Bonkers to see what great marketing, of a funny little machine that produces a mediocre cup of coffee can achieve!

http://www.regentstreetonline.com/directory/home-tech/nespresso


----------



## cold war kid (Mar 12, 2010)

Definately nespresso. The quality of coffee available from one is ok ( but nothing more than ok) and if he's the sort of person that doesn't like a lot of faff it's by far the best option.

Most of my friends piss their sides when they see me dialling in a new bean, and that was before I got the pharos which is a total ballache but totally worth it, to me at least.

You've got to remember that we on this forum are precious, geeky coffee nerd to almost everybody else.

If I'd have bought one of these before I got into coffee in a big way I'd have been completely happy for at least a while.


----------



## DavecUK (Aug 6, 2013)

Xpenno said:


> This x 1000


to the power 3


----------



## Rhys (Dec 21, 2014)

I bought my dad an AeroPress and gave him a little grinder. He loves it! I guess the bonus is that he gets beans from me for nothing.


----------



## frederickaj (Jul 31, 2014)

He could go down the " Back to School " route with this piece of kit !!!

How's about the " Back to school route "

http://www.amazon.co.uk/LNC-Belgian-Balance-Refractory-Borosilicate/dp/B00YC3S2PQ/ref=sr_1_57?ie=UTF8&qid=1448539109&sr=8-57&keywords=bean+to+coffee+makers


----------



## NickdeBug (Jan 18, 2015)

Another vote for Nespresso (+ foamer thing if they like it milky)

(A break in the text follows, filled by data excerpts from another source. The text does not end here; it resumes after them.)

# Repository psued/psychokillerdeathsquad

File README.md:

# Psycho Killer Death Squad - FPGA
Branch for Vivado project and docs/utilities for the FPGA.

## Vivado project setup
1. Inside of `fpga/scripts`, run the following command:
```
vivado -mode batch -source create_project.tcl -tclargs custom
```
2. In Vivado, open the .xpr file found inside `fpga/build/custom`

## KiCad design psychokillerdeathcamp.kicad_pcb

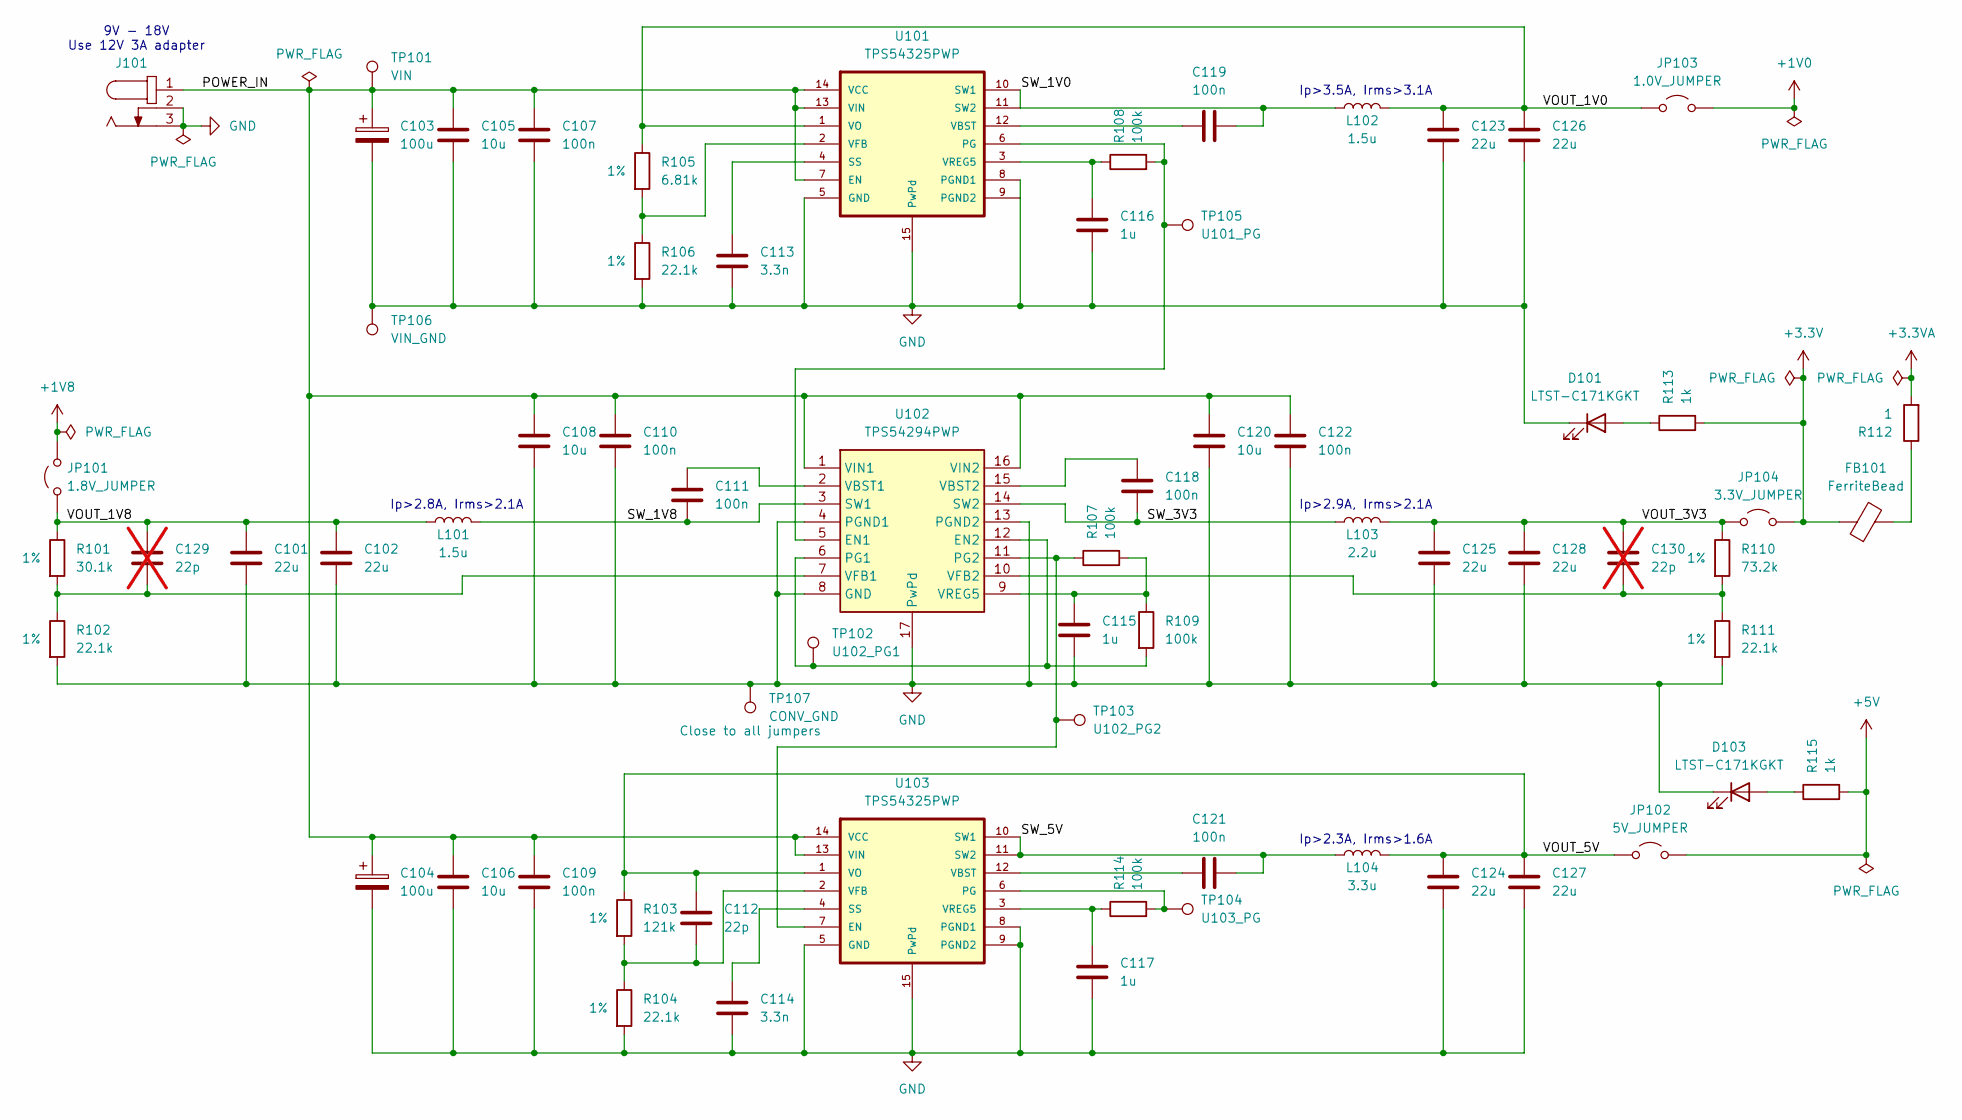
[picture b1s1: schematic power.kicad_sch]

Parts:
C101, C102, C123, C124, C125, C126, C127, C128: 22u; C_1206_3216Metric_Pad1.33x1.80mm_HandSolder
C103, C104: 100u; CP_Elec_6.3x7.7
C105, C106, C108, C120: 10u; C_1206_3216Metric_Pad1.33x1.80mm_HandSolder
C107, C109, C110, C111, C118, C119, C121, C122: 100n; C_0805_2012Metric_Pad1.18x1.45mm_HandSolder
C112: 22p; C_0805_2012Metric_Pad1.18x1.45mm_HandSolder
C113, C114: 3.3n; C_0805_2012Metric_Pad1.18x1.45mm_HandSolder
C115, C116, C117: 1u; C_0805_2012Metric_Pad1.18x1.45mm_HandSolder
C129, C130: 22p; C_0805_2012Metric_Pad1.18x1.45mm_HandSolder; not fitted
D101, D103: LTST-C171KGKT; LED_0805_2012Metric_Pad1.15x1.40mm_HandSolder
FB101: FerriteBead; L_0805_2012Metric_Pad1.05x1.20mm_HandSolder
J101: 694106301002; J_Wurth_WR-DC_694106301002; Working Voltage (V (DC)) 30; Part Number 694106301002
JP101: 1.8V_JUMPER; PinHeader_1x02_P2.54mm_Vertical
JP102: 5V_JUMPER; PinHeader_1x02_P2.54mm_Vertical
JP103: 1.0V_JUMPER; PinHeader_1x02_P2.54mm_Vertical
JP104: 3.3V_JUMPER; PinHeader_1x02_P2.54mm_Vertical
L101, L102: 1.5u; L_Taiyo-Yuden_NR-60xx_HandSoldering
L103: 2.2u; L_Taiyo-Yuden_NR-60xx_HandSoldering
L104: 3.3u; L_Taiyo-Yuden_NR-60xx_HandSoldering
R101: 30.1k; R_0805_2012Metric_Pad1.20x1.40mm_HandSolder; Tolerance 1%
R102, R104, R106, R111: 22.1k; R_0805_2012Metric_Pad1.20x1.40mm_HandSolder; Tolerance 1%
R103: 121k; R_0805_2012Metric_Pad1.20x1.40mm_HandSolder; Tolerance 1%
R105: 6.81k; R_0805_2012Metric_Pad1.20x1.40mm_HandSolder; Tolerance 1%
R107, R108, R109, R114: 100k; R_0805_2012Metric_Pad1.20x1.40mm_HandSolder
R110: 73.2k; R_0805_2012Metric_Pad1.20x1.40mm_HandSolder; Tolerance 1%
R112: 1; R_0805_2012Metric_Pad1.20x1.40mm_HandSolder
R113, R115: 1k; R_0805_2012Metric_Pad1.20x1.40mm_HandSolder
TP101: VIN; TestPoint_Pad_D1.5mm
TP102: U102_PG1; PinHeader_1x01_P2.54mm_Vertical
TP103: U102_PG2; PinHeader_1x01_P2.54mm_Vertical
TP104: U103_PG; PinHeader_1x01_P2.54mm_Vertical
TP105: U101_PG; PinHeader_1x01_P2.54mm_Vertical
TP106: VIN_GND; PinHeader_1x01_P2.54mm_Vertical
TP107: CONV_GND; PinHeader_1x01_P2.54mm_Vertical
U101, U103: TPS54325PWP; Texas_HTSSOP-14-1EP_4.4x5mm_P0.65mm_EP3.4x5mm_Mask2.60x2.59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
U102: TPS54294PWP; HTSSOP-16-1EP_4.4x5mm_P0.65mm_EP3.4x5mm_Mask3.30x3.30mm_The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; Mouser Part Number 595-TPS54294PWP

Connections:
+1V0: JP103.2 (B); also elsewhere on the board
+1V8: JP101.2 (B); also elsewhere on the board
+3.3V: FB101.1, JP104.2 (B), R113.2; also elsewhere on the board
+3.3VA: R112.2; also elsewhere on the board
+5V: JP102.2 (B), R115.2; also elsewhere on the board
/Power/POWER_IN: C103.1, C104.1, C105.1, C106.1, C107.1, C108.1, C109.1, C110.1, C120.1, C122.1, J101.1, TP101.1 (1_1), U101.7 (EN), U101.13 (VIN), U101.14 (VCC), U102.1 (VIN1), U102.16 (VIN2), U103.13 (VIN), U103.14 (VCC)
/Power/SW_1V0: C119.2, L102.1, U101.10 (SW1), U101.11 (SW2)
/Power/SW_1V8: C111.2, L101.2, U102.3 (SW1)
/Power/SW_3V3: C118.2, L103.1, U102.14 (SW2)
/Power/SW_5V: C121.2, L104.1, U103.10 (SW1), U103.11 (SW2)
/Power/VOUT_1V0: C123.1, C126.1, JP103.1 (A), L102.2, R105.1, U101.1 (VO)
/Power/VOUT_1V8: C101.1, C102.1, C129.1, JP101.1 (A), L101.1, R101.1
/Power/VOUT_3V3: C125.1, C128.1, C130.1, JP104.1 (A), L103.2, R110.1
/Power/VOUT_5V: C112.1, C124.1, C127.1, JP102.1 (A), L104.2, R103.1, U103.1 (VO)
GND: C101.2, C102.2, C103.2, C104.2, C105.2, C106.2, C107.2, C108.2, C109.2, C110.2, C113.2, C114.2, C115.2, C116.2, C117.2, C120.2, C122.2, C123.2, C124.2, C125.2, C126.2, C127.2, C128.2, D101.1 (K), D103.1 (K), J101.2, J101.3, R102.2, R104.2, R106.2, R111.2, TP106.1 (1_1), TP107.1 (1_1), U101.5 (GND), U101.8 (PGND1), U101.9 (PGND2), U101.15 (PwPd), U102.4 (PGND1), U102.8 (GND), U102.13 (PGND2), U102.17 (PwPd), U103.5 (GND), U103.8 (PGND1), U103.9 (PGND2), U103.15 (PwPd); also elsewhere on the board
unnamed: D101.2 (A), R113.1
unnamed: D103.2 (A), R115.1
unnamed: FB101.2, R112.1
unnamed: R108.2, TP105.1 (1_1), U101.6 (PG), U102.5 (EN1)
unnamed: C113.1, U101.4 (SS)
unnamed: C119.1, U101.12 (VBST)
unnamed: R105.2, R106.1, U101.2 (VFB)
unnamed: C116.1, R108.1, U101.3 (VREG5)
unnamed: R109.2, TP102.1 (1_1), U102.6 (PG1), U102.12 (EN2)
unnamed: R107.1, TP103.1 (1_1), U102.11 (PG2), U103.7 (EN)
unnamed: C111.1, U102.2 (VBST1)
unnamed: C118.1, U102.15 (VBST2)
unnamed: C129.2, R101.2, R102.1, U102.7 (VFB1)
unnamed: C130.2, R110.2, R111.1, U102.10 (VFB2)
unnamed: C115.1, R107.2, R109.1, U102.9 (VREG5)
unnamed: R114.2, TP104.1 (1_1), U103.6 (PG)
unnamed: C114.1, U103.4 (SS)
unnamed: C121.1, U103.12 (VBST)
unnamed: C112.2, R103.2, R104.1, U103.2 (VFB)
unnamed: C117.1, R114.1, U103.3 (VREG5)

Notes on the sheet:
Ip>2.9A, Irms>2.1A
Ip>2.8A, Irms>2.1A
9V - 18V Use 12V 3A adapter
Ip>3.5A, Irms>3.1A
Ip>2.3A, Irms>1.6A

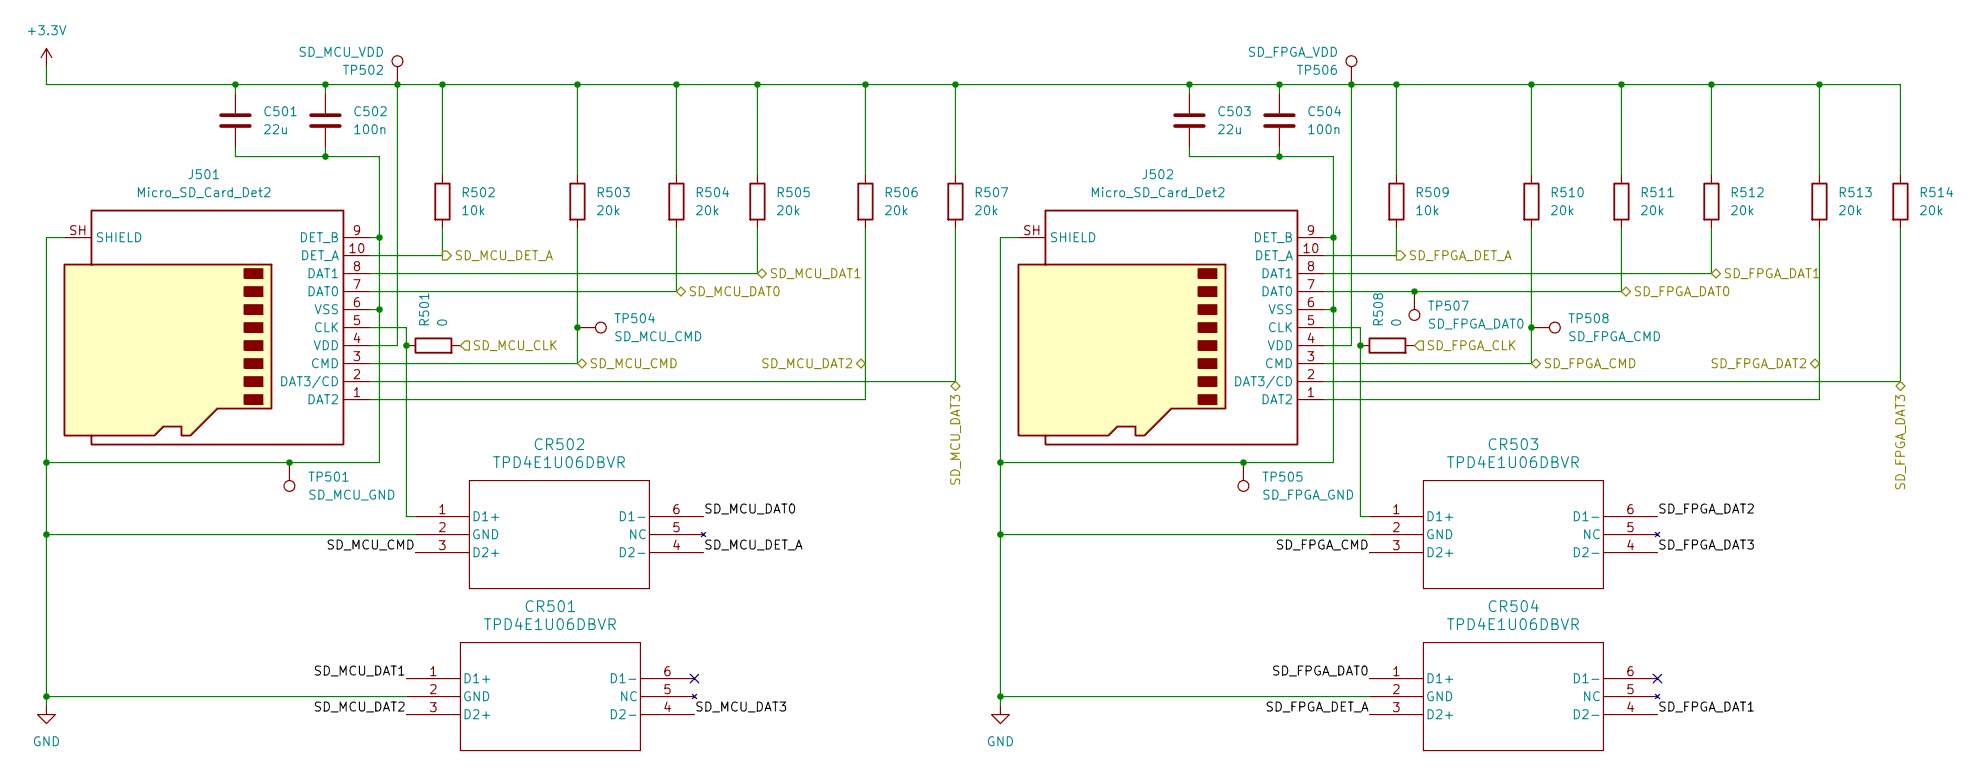
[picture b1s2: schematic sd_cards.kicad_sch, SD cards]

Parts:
C501, C503: 22u; C_1206_3216Metric_Pad1.33x1.80mm_HandSolder
C502, C504: 100n; C_0805_2012Metric_Pad1.18x1.45mm_HandSolder
CR501, CR502, CR503, CR504: TPD4E1U06DBVR
J501, J502: Micro_SD_Card_Det2; 5033981892
R501, R508: 0; R_0805_2012Metric_Pad1.20x1.40mm_HandSolder
R502, R509: 10k; R_0805_2012Metric_Pad1.20x1.40mm_HandSolder
R503, R504, R505, R506, R507, R510, R511, R512, R513, R514: 20k; R_0805_2012Metric_Pad1.20x1.40mm_HandSolder
TP501: SD_MCU_GND; PinHeader_1x01_P2.54mm_Vertical
TP502: SD_MCU_VDD; TestPoint_Pad_D1.5mm
TP504: SD_MCU_CMD; PinHeader_1x01_P2.54mm_Vertical
TP505: SD_FPGA_GND; PinHeader_1x01_P2.54mm_Vertical
TP506: SD_FPGA_VDD; TestPoint_Pad_D1.5mm
TP507: SD_FPGA_DAT0; PinHeader_1x01_P2.54mm_Vertical
TP508: SD_FPGA_CMD; PinHeader_1x01_P2.54mm_Vertical

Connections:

They will be happy, it doesn't require training and faff, it is in budget, doesn't take up much kitchen space, can be used by other family members, the coffee is consistent and perfectly comparable to many high street coffee shops (which are still held in high regard by many).

Amazon have a subscription service which saves a bit of cash.

Buy this for £99 and get £75 of pods - no brainer http://www.johnlewis.com/nespresso-inissia-coffee-machine-with-aeroccino-by-magimix/p1239130?sku=233123181&kpid=233123181&s_kenid=5545cda9-fb67-47cc-aab0-7ee8be6bfe13&s_kwcid=402x347211&tmad=c&tmcampid=73


----------



## froggystyle (Oct 30, 2013)

NickdeBug said:


> Buy this for £99 and get £75 of pods - no brainer http://www.johnlewis.com/nespresso-inissia-coffee-machine-with-aeroccino-by-magimix/p1239130?sku=233123181&kpid=233123181&s_kenid=5545cda9-fb67-47cc-aab0-7ee8be6bfe13&s_kwcid=402x347211&tmad=c&tmcampid=73


Good spot that Nick, might pick one up for a xmas present for someone!


----------



## jtldurnall (Mar 16, 2015)

With all this talk about the pros and cons of nespresso I thought I'd flag up James Hoffmann's article on them for those that haven't seen it:

http://www.jimseven.com/2015/05/21/an-analysis-of-nespresso-part-i/

Very interesting read!


----------



## Tewdric (Apr 20, 2014)

I would add to the nespresso recommendation. My neighbour has one and the coffee is pleasant enough. If he's into fashionable gadgets or no fuss machinery it will do the job well. An alternative would be a Porlex hand grinder and aeropress, maybe with a metal gauze so he's not saddled with buying filters. That might suit better if he likes his gadgets and is patient and dexterous enough to enjoy it.


----------



## Grahamg (Oct 24, 2013)

Can I add the tightwad tip in case he's half a Scotsman like me? Check that Lidl or Aldi do the necessary pods- he might prefer the machine that's cheapest to buy pods for, which might be those tassimo bag things rather than foil pods. They can prob compost too if he's a gardener.


----------



## pirate (Mar 22, 2015)

I will definitely recommend the nespresso. I don't think he has the interest or time for the aeropress/hand grinder, and having to buy beans online. Supermarket pod option would be better I think.


----------



## Jon (Dec 3, 2010)

NickdeBug said:


> Buy this for £99 and get £75 of pods - no brainer http://www.johnlewis.com/nespresso-inissia-coffee-machine-with-aeroccino-by-magimix/p1239130?sku=233123181&kpid=233123181&s_kenid=5545cda9-fb67-47cc-aab0-7ee8be6bfe13&s_kwcid=402x347211&tmad=c&tmcampid=73


Now £95 (one in stock!)


----------



## risky (May 11, 2015)

jtldurnall said:


> With all this talk about the pros and cons of nespresso I thought I'd flag up James Hoffmann's article on them for those that haven't seen it:
> 
> http://www.jimseven.com/2015/05/21/an-analysis-of-nespresso-part-i/
> 
> Very interesting read!


Thanks for the link. Very interesting article indeed.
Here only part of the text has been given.